Stored records
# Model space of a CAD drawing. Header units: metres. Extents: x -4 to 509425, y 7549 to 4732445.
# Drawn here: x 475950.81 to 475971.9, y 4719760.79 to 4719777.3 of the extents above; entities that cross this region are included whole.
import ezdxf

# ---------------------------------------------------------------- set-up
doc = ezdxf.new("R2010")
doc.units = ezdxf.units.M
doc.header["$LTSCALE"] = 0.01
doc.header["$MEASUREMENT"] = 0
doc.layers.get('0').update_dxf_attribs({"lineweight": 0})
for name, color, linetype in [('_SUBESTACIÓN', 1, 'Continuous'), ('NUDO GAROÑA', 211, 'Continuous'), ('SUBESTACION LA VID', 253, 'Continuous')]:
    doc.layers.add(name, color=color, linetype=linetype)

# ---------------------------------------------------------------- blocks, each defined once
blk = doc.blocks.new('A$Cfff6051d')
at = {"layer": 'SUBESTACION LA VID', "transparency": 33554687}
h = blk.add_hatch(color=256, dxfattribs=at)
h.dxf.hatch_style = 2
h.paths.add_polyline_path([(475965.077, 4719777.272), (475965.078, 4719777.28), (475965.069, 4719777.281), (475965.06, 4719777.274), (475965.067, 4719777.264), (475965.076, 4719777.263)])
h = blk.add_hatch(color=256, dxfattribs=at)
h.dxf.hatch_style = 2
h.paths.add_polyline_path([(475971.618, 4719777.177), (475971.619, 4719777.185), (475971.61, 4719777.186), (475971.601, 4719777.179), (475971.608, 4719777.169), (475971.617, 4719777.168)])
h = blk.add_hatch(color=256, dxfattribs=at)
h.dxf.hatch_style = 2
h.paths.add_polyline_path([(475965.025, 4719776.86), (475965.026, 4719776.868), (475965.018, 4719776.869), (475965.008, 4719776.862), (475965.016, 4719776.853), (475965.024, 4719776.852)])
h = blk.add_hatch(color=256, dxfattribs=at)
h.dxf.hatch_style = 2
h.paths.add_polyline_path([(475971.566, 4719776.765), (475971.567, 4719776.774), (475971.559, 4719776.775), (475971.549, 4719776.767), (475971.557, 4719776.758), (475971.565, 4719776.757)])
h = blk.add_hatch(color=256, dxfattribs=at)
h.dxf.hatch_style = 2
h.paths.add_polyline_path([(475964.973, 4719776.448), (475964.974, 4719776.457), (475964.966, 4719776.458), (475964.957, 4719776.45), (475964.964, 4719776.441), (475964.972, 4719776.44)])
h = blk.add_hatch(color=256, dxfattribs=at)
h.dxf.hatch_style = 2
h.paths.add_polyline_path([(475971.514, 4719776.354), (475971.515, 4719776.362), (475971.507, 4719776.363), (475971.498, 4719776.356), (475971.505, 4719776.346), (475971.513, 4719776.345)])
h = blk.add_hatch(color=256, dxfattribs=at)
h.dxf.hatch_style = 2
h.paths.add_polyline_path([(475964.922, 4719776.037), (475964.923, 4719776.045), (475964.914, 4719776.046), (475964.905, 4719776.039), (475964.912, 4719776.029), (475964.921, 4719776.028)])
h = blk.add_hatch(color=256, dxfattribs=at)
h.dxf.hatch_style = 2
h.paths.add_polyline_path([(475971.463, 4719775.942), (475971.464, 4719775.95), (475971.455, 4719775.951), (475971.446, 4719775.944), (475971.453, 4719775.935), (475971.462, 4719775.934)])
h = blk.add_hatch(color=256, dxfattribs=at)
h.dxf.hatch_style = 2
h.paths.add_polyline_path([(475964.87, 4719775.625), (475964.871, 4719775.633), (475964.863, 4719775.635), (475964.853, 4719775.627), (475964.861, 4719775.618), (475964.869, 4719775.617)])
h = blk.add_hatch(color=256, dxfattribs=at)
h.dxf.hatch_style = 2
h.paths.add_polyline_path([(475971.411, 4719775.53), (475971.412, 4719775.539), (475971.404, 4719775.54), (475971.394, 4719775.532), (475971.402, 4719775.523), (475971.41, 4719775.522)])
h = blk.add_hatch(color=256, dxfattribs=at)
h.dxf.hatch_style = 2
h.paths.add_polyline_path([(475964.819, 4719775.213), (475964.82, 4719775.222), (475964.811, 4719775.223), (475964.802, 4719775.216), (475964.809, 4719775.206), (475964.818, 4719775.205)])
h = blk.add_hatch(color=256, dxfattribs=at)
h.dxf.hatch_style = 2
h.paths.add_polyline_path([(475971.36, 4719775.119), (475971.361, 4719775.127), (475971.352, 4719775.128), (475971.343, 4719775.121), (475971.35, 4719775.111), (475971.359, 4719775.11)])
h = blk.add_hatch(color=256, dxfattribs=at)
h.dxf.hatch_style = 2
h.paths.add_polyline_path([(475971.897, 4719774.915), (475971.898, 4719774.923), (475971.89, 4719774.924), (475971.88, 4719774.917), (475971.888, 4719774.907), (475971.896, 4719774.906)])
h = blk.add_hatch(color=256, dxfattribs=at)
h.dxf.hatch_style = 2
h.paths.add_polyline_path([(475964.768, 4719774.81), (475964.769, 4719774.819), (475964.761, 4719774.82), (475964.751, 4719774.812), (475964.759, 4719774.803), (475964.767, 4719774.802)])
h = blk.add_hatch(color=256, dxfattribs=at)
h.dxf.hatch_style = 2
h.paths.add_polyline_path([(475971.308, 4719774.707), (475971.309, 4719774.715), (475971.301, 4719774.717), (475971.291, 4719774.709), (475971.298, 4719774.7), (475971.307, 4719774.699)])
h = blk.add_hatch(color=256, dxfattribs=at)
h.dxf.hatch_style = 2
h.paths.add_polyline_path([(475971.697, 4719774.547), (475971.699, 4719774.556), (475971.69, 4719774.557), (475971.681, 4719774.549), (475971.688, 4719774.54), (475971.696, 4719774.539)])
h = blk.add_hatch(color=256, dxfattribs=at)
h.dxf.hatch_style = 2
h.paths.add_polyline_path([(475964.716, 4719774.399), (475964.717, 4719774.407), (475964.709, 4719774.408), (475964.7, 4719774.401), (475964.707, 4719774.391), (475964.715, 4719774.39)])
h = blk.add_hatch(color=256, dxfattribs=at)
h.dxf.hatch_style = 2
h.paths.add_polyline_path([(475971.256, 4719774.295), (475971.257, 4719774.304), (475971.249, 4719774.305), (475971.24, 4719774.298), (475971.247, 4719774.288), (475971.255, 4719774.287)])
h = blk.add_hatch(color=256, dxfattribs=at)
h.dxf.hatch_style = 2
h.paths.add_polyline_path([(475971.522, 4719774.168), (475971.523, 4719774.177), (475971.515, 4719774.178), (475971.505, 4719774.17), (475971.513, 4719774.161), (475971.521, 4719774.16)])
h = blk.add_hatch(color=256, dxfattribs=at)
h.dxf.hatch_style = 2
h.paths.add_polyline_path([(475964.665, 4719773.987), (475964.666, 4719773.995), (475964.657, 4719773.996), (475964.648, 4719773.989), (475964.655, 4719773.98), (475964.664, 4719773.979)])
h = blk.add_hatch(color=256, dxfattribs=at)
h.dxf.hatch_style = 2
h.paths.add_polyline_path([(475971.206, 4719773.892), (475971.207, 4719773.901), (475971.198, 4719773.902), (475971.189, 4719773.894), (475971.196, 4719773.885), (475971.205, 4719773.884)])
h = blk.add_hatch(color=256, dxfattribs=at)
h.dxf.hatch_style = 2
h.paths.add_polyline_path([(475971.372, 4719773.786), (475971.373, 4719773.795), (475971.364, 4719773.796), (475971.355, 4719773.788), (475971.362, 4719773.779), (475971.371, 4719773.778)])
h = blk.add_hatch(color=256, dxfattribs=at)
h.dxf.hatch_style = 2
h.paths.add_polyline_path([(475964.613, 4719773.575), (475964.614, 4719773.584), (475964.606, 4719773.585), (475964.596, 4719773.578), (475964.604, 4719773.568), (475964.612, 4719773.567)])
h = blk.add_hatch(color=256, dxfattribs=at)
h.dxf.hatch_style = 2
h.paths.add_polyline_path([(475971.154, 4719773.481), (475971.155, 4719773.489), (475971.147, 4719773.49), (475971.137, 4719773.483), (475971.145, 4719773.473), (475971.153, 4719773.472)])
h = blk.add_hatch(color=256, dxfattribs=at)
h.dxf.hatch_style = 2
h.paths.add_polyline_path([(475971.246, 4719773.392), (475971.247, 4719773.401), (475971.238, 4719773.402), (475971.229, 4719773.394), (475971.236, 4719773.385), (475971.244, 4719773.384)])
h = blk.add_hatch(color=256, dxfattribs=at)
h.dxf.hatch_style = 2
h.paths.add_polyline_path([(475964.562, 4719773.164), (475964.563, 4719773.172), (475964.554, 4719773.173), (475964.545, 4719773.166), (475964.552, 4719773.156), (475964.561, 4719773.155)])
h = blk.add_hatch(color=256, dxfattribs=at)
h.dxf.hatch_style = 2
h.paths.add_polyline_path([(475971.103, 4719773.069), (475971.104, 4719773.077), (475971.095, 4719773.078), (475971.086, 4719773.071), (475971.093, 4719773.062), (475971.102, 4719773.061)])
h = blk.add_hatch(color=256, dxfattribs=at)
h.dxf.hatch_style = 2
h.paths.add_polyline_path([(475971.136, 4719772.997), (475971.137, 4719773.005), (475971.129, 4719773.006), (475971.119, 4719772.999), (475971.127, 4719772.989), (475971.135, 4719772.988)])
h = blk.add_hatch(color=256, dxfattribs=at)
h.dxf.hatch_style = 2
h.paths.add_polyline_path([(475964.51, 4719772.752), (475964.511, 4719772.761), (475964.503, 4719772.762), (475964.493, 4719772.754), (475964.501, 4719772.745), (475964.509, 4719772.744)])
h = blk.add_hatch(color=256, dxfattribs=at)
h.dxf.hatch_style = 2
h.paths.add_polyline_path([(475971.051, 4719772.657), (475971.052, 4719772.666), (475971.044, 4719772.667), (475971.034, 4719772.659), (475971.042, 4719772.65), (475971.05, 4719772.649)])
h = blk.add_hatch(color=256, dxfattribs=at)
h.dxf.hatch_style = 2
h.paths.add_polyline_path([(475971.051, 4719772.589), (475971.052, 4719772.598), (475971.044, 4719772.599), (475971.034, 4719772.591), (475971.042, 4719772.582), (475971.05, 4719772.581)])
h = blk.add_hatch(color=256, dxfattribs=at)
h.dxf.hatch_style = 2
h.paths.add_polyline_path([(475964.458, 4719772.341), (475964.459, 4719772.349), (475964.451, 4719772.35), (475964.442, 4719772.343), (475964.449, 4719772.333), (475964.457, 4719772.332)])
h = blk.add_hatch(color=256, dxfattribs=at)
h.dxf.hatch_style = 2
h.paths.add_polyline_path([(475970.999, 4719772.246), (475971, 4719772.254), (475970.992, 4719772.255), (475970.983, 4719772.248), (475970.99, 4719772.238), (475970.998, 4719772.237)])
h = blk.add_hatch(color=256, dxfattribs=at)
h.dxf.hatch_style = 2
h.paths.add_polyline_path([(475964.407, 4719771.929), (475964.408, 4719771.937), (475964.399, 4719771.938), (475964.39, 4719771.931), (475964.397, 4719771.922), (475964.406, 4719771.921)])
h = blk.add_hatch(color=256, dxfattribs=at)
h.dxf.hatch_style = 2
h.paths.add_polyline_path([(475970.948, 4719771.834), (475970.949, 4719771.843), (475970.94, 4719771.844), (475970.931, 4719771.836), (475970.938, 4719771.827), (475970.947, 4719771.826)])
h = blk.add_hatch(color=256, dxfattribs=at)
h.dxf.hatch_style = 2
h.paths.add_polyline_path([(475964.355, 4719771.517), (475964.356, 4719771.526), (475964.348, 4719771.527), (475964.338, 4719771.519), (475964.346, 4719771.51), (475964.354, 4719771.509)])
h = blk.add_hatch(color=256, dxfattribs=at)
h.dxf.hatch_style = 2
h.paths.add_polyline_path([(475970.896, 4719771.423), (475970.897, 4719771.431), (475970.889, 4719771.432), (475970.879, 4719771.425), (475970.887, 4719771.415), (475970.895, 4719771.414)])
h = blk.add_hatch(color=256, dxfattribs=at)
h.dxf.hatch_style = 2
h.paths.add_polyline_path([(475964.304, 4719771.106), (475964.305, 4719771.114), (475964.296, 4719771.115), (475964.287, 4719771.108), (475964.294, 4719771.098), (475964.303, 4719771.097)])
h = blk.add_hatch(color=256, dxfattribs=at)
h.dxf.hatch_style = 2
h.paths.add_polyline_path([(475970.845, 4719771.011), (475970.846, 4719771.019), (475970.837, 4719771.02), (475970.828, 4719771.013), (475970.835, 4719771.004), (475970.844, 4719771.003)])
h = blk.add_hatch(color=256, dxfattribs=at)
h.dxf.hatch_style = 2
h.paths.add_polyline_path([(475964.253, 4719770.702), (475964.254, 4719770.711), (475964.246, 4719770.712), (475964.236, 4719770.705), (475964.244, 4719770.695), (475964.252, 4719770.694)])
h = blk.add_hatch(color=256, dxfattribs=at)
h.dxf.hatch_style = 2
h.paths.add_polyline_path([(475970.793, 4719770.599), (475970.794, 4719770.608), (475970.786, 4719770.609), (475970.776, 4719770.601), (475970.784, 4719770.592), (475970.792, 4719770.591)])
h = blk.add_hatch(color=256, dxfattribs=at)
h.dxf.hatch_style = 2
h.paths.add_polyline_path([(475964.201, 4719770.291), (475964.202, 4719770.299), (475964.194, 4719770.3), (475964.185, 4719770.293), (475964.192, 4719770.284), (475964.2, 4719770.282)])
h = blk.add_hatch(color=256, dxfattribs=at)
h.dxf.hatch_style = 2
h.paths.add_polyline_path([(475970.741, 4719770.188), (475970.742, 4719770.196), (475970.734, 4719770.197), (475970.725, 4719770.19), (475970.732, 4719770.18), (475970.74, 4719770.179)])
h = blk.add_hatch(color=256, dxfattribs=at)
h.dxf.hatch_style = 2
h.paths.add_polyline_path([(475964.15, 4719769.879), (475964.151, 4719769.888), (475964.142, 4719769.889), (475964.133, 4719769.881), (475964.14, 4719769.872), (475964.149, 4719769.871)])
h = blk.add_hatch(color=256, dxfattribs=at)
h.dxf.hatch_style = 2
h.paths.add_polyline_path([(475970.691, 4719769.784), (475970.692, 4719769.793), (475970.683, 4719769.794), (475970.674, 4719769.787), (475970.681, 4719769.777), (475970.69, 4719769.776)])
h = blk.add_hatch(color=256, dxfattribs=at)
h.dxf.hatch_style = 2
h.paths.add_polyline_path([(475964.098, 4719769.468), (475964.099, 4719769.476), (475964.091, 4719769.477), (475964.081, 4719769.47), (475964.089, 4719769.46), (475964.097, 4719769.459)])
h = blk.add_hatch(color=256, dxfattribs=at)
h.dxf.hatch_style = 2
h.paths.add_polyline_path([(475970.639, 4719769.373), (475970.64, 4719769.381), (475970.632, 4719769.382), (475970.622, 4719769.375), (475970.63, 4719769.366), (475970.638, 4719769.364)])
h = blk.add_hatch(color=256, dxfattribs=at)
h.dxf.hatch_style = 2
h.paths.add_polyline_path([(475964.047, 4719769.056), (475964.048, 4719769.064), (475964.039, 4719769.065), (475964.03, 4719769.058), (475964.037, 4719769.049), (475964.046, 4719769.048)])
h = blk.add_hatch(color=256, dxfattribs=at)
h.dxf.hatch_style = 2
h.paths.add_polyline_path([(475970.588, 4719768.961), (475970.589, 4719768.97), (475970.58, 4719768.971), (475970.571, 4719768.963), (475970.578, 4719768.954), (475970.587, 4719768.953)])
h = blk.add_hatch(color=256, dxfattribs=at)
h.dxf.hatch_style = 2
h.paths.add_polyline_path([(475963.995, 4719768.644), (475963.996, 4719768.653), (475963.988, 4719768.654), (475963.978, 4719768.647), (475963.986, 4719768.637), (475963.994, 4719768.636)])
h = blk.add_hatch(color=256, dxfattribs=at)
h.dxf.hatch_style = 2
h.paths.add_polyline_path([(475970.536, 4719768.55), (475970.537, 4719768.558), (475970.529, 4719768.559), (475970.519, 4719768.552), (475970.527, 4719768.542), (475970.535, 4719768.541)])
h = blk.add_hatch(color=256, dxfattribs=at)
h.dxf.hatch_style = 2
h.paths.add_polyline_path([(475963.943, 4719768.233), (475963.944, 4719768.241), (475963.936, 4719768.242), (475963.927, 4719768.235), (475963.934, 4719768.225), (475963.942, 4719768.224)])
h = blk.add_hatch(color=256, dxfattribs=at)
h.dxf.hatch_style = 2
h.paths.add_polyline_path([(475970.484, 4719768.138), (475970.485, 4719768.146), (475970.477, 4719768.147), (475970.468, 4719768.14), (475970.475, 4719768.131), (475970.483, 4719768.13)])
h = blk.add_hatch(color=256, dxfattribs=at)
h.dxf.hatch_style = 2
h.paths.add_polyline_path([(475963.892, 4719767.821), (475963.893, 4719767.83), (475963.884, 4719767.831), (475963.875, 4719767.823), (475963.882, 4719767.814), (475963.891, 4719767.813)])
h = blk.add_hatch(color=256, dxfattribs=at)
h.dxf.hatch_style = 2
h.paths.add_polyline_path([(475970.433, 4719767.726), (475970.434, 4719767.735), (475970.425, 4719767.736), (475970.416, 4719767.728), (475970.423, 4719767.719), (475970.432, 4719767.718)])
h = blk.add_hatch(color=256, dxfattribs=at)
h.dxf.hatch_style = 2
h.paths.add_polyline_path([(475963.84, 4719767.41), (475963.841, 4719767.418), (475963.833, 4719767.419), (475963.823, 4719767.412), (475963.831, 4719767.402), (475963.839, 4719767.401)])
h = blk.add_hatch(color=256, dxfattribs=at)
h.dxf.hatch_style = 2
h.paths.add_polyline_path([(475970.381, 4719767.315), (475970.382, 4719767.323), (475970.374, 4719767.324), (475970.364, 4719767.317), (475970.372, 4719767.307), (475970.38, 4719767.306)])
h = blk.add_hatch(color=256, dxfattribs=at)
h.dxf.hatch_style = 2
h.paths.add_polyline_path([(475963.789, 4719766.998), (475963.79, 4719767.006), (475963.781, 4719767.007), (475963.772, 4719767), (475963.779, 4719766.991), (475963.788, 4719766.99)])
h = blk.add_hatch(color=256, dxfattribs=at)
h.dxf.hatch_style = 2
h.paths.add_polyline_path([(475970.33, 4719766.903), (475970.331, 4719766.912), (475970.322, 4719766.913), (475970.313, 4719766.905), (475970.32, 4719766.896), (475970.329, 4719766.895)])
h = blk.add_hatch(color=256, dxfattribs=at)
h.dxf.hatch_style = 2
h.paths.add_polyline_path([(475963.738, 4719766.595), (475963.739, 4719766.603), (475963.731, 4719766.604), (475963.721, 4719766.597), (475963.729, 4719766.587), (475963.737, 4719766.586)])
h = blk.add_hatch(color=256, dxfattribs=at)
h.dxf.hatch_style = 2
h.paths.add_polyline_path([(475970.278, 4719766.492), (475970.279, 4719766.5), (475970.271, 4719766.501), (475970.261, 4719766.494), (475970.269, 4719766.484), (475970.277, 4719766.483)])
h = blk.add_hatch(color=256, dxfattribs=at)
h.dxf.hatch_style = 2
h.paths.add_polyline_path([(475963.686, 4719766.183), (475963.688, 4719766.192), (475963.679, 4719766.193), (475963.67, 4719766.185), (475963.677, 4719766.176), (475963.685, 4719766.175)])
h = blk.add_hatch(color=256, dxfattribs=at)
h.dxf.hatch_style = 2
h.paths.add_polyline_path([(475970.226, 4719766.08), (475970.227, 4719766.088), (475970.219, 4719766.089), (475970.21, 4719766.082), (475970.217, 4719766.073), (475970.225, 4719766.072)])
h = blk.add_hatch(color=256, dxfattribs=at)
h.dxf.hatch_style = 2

Task description.
Starting with the first line of the records, repeat every line up to and including the one containing "import ezdxf", and nothing else.

Task solution.
# Model space of a CAD drawing. Header units: metres. Extents: x -4 to 509425, y 7549 to 4732445.
# Drawn here: x 475950.81 to 475971.9, y 4719760.79 to 4719777.3 of the extents above; entities that cross this region are included whole.
import ezdxf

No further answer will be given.